The report from Myers et al. [29] showed better HRR improvement in HF patients with sinus rhythm than our patients with AF although training period was different. The parasympathetic portion decrease sinus node automaticity and slows atrioventricular node conduction in patients with sinus rhythm. In patients with AF, however, parasympathetic effect is limited to atrioventricular node. This might be the reason why there is difference between two studies.

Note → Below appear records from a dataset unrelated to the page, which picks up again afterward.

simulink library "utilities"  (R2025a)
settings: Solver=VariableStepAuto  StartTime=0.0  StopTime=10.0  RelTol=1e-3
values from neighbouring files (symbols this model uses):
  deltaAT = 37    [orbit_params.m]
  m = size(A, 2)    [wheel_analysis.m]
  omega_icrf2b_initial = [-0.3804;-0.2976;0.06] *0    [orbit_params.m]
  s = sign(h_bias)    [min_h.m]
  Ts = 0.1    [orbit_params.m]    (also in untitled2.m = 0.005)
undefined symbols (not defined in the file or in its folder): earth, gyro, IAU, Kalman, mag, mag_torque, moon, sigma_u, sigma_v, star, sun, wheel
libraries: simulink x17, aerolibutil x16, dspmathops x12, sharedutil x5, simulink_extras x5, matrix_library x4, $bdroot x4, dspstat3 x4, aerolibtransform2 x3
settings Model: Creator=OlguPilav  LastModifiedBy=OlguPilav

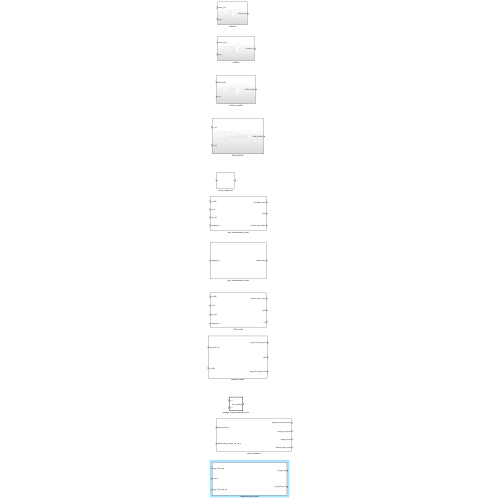
[thumbnail: Simulink's stored preview of the top-level diagram]
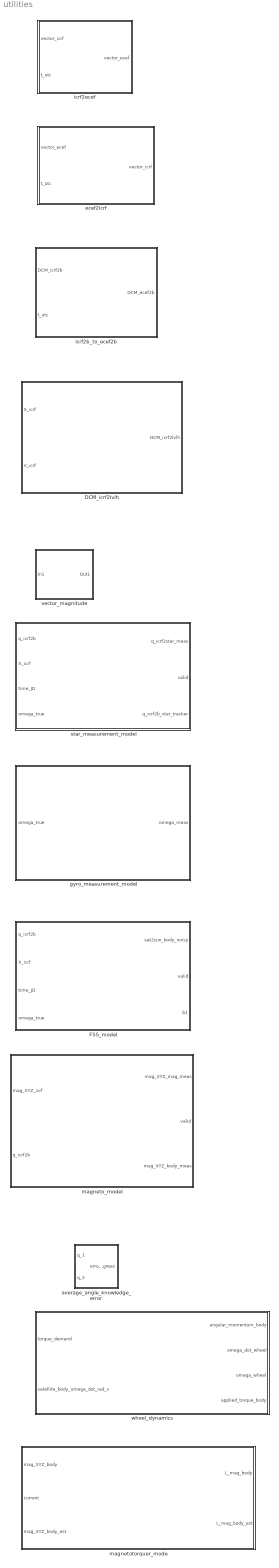
== system utilities ==
  DCM_icrf2lvlh : Subsystem
  FSS_model : Subsystem  mask{sun=sun}
  average_angle_knowledge_error : Subsystem  TreatAsAtomicUnit=on  SystemSampleTime=Kalman.Ts  mask{samples=10}
  ecef2icrf : Subsystem
  gyro_measurement_model : Subsystem  SystemSampleTime=Ts  mask{omega_initial=omega_icrf2b_initial, gyro=gyro}
  icrf2b_to_ecef2b : Subsystem
  icrf2ecef : Subsystem
  magneto_model : Subsystem  mask{mag=mag}
  magnetotorquer_mode : Subsystem  mask{Parameter1=mag_torque}
      mask prompts: Parameter1 "mag_torque"
      mask DialogControl mag_torque Prompt: mag_torque
  star_measurement_model : Subsystem  SystemSampleTime=Kalman.Ts  mask{star=star}
  vector_magnitude : Subsystem
  wheel_dynamics : Subsystem  mask{wheel=wheel, no=1}

== system utilities/DCM_icrf2lvlh ==
  X_icrf : Inport
  V_icrf : Inport  Port=2
  Cross Product : matrix_library/Cross Product
  Cross Product1 : matrix_library/Cross Product
  Gain : Gain  Gain=-1
  Matrix Concatenate : Concatenate  NumInputs=3  Mode=Multidimensional array
  Normalization : dspmathops/Normalization  NormType=2-norm  Bias=1e-10  NormOver=Each column  Dimension=1  roundingMode=Floor  overflowMode=off  accumDataTypeStr=Inherit: Same as product output  accumLastDataTypeStr=Inherit: Same as product output  outputDataTypeStr=Inherit: Same as product output  outputMin=[]  outputMax=[]  outputLastDataTypeStr=Inherit: Same as product output
  Normalization1 : dspmathops/Normalization  NormType=2-norm  Bias=1e-10  NormOver=Each column  Dimension=1  roundingMode=Floor  overflowMode=off  accumDataTypeStr=Inherit: Same as product output  accumLastDataTypeStr=Inherit: Same as product output  outputDataTypeStr=Inherit: Same as product output  outputMin=[]  outputMax=[]  outputLastDataTypeStr=Inherit: Same as product output
  Normalization2 : dspmathops/Normalization  NormType=2-norm  Bias=1e-10  NormOver=Each column  Dimension=1  roundingMode=Floor  overflowMode=off  accumDataTypeStr=Inherit: Same as product output  accumLastDataTypeStr=Inherit: Same as product output  outputDataTypeStr=Inherit: Same as product output  outputMin=[]  outputMax=[]  outputLastDataTypeStr=Inherit: Same as product output
  Transpose1 : Math  Operator=transpose
  Transpose2 : Math  Operator=transpose
  Transpose3 : Math  Operator=transpose
  DCM_icrf2lvlh : Outport
  wires:
  X_icrf/1 -> Normalization/1
  V_icrf/1 -> Normalization1/1
  Normalization/1 -> Cross Product/2, Gain/1
  Cross Product/1 -> Normalization2/1
  Transpose2/1 -> Matrix Concatenate/3
  Gain/1 -> Transpose2/1, Cross Product1/2  "z"
  Matrix Concatenate/1 -> DCM_icrf2lvlh/1
  Normalization2/1 -> Cross Product1/1, Transpose1/1
  Normalization1/1 -> Cross Product/1  "x"
  Transpose1/1 -> Matrix Concatenate/2
  Transpose3/1 -> Matrix Concatenate/1
  Cross Product1/1 -> Transpose3/1

== system utilities/FSS_model ==
  q_icrf2b : Inport
  X_icrf : Inport  Port=2  OutDataTypeStr=double  PortDimensions=3
  time_JD : Inport  Port=3  OutDataTypeStr=double  PortDimensions=1
  omega_true : Inport  Port=4  OutDataTypeStr=double  PortDimensions=3
  Equal : RelationalOperator  Operator=>  OutDataTypeStr=boolean  RndMeth=Simplest  InputSameDT=off
  NOT : Logic  Operator=NOT  IconShape=distinctive  AllPortsSameDT=off  OutDataTypeStr=boolean
  Subsystem : Subsystem  TreatAsAtomicUnit=on  SystemSampleTime=sun.Ts
  Unit Delay : UnitDelay  SampleTime=Kalman.Ts  HasFrameUpgradeWarning=on
  sat2sun_body_noisy : Outport
  valid : Outport  Port=2  OutDataTypeStr=boolean  SampleTime=[0.5,0]
  b1 : Outport  Port=3
  wires:
  Subsystem/3(tick) -> Equal/1, Unit Delay/1
  NOT/1 -> valid/1
  Subsystem/2(invalid) -> NOT/1  "invalid"
  time_JD/1 -> Subsystem/4(t_jd)  "t_utc"
  Unit Delay/1 -> Equal/2
  q_icrf2b/1 -> Subsystem/2(q_icrf2b)
  X_icrf/1 -> Subsystem/3(X_icrf)
  omega_true/1 -> Subsystem/1(omega_true)  "omega_icrf2b_b"
  Subsystem/1(sat2sun_body_noisy) -> sat2sun_body_noisy/1
  Subsystem/4(b1) -> b1/1

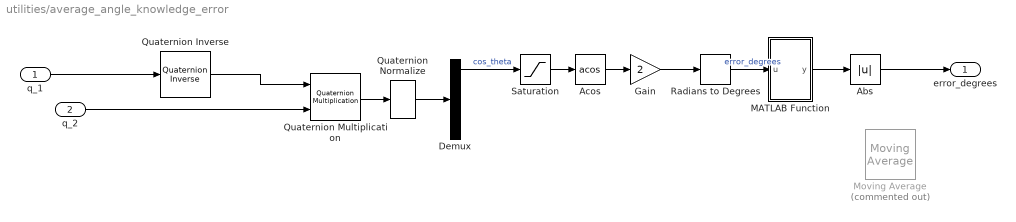
== system utilities/average_angle_knowledge_error ==
  q_1 : Inport
  q_2 : Inport  Port=2
  Abs : Abs  SaturateOnIntegerOverflow=off
  Acos : Trigonometry  Operator=acos
  Demux : Demux
  Gain : Gain  Gain=2
  MATLAB Function : MATLAB Function  TreatAsAtomicUnit=on
  Moving Average : dspstat3/Moving Average  Commented=on  Method=Sliding window  ForgettingFactorPort=off  SpecifyWindowLength=on  WindowLength=samples  OverlapLength=samples - 1  AllowArbitraryInputLength=off  ForgettingFactor=0.9  SimulateUsing=Interpreted execution
  Quaternion Inverse : aerolibutil/Quaternion Inverse
  Quaternion Multiplication : aerolibutil/Quaternion Multiplication
  Quaternion Normalize : sharedutil/Quaternion Normalize  aMode=aMode
  Radians to Degrees : simulink_extras/Transformations/Radians to Degrees
  Saturation : Saturate  UpperLimit=1  LowerLimit=-1
  error_degrees : Outport
  wires:
  q_1/1 -> Quaternion Inverse/1
  q_2/1 -> Quaternion Multiplication/2
  Quaternion Inverse/1 -> Quaternion Multiplication/1
  Quaternion Multiplication/1 -> Quaternion Normalize/1
  Demux/1 -> Saturation/1  "cos_theta"
  Radians to Degrees/1 -> MATLAB Function/1(u)  "error_degrees"
  Abs/1 -> error_degrees/1
  Quaternion Normalize/1 -> Demux/1
  Saturation/1 -> Acos/1
  Acos/1 -> Gain/1
  MATLAB Function/1(y) -> Abs/1
  Gain/1 -> Radians to Degrees/1

== system utilities/ecef2icrf ==
  vector_ecef : Inport
  t_utc : Inport  Port=2
  Clock : Clock  Commented=on
  Constant1 : Constant  Value=deltaAT
  Direction Cosine Matrix ECI to ECEF : aerolibtransform2/Direction Cosine Matrix ECI to ECEF  red=IAU-2000/2006  year=year  month=January  day=1  hour=hour  min=minute  sec=second  deltaT=None  errorflag=Error  extraparamflag=off
      settings: AttributesFormatString=%<red>
  Earth Orientation Parameters : EOParameters
  Matrix Multiply1 : Product  Multiplication=Matrix(*)
  Transpose : Math  Operator=transpose
  vector_icrf : Outport
  wires:
  t_utc/1 -> Earth Orientation Parameters/1
  Clock/1 -> ?
  Direction Cosine Matrix ECI to ECEF/1 -> Transpose/1
  Earth Orientation Parameters/2 -> ?
  Constant1/1 -> ?
  Earth Orientation Parameters/1 -> ?
  Earth Orientation Parameters/3 -> ?
  vector_ecef/1 -> Matrix Multiply1/2
  Matrix Multiply1/1 -> vector_icrf/1
  Transpose/1 -> Matrix Multiply1/1

== system utilities/gyro_measurement_model ==
  omega_true : Inport  PortDimensions=[3,1]
  Terminator : Terminator
  update_meas : Subsystem  TreatAsAtomicUnit=on  SystemSampleTime=gyro.Ts
  omega_meas : Outport
  wires:
  update_meas/1(omega_meas) -> omega_meas/1
  omega_true/1 -> update_meas/1(omega_true)
  update_meas/2(bias_true) -> Terminator/1

== system utilities/icrf2b_to_ecef2b ==
  DCM_icrf2b : Inport
  t_utc : Inport  Port=2
  Clock : Clock
  Constant1 : Constant  Value=deltaAT
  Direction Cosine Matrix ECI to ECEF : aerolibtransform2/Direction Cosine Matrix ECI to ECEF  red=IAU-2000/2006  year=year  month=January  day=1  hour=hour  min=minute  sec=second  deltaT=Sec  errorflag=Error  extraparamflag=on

In the end of the discussion, we have to mention the sympathetic modulation to HRR. Previous studies have shown that early HRR after exercise is mainly a function of parasympathetic reactivation, with the sympathetic withdrawal becoming important later in recovery. A delayed HRR is, therefore, considered a measure of autonomic imbalance and may be an indicator of a reduction in parasympathetic tone or an exaggerated sympathetic activation [30,31,32]. According to those findings our data of HRR, which indicate very early parameter after exercise, was modulated mainly by parasympathetic tone. However, we did not check the change in adrenaline that would show evidence of enhanced parasympathetic nerve system and reduced sympathetic nerve system activity. Further examination will be needed to clarify what extent the sympathetic improvement contribute to the recovery of exercise tolerance of patients with HF and AF after CR.

Study limitations

This study has several important limitations. First, this was a retrospective observational study although we enrolled consecutive patients meeting the inclusion and exclusion criteria. Second, we did not have enough peripheral parameters other than those of autonomic nerve system, such as skeletal muscle function, vascular endothelial function. We cannot exclude that those factors might influence the changes of peak VO2. Third, we cannot comment on the value of HRR as measured over different time points, such as 2, 3 or 5 min after cessation of exercise, although we identified HRR as the change during the first minute of the active recovery period. Forth, we did not have data of HRV which is one of parameters of autonomic function, although we discussed the relations between HRR and HRV in the discussion section. Fifth, we did not design our study to compare patients between heart failure with reduced ejection fraction and with preserved ejection fraction. We did not have any results of differences between two groups.

Conclusions

This study provides new evidence of the association between improved HRR and improved exercise tolerance in patients with HF and AF. Our findings have interest from a clinical point of view because HRR is easily measurable and was found useful. Future research to validate these findings in other populations will reveal the mechanistic links between HRR and exercise tolerance.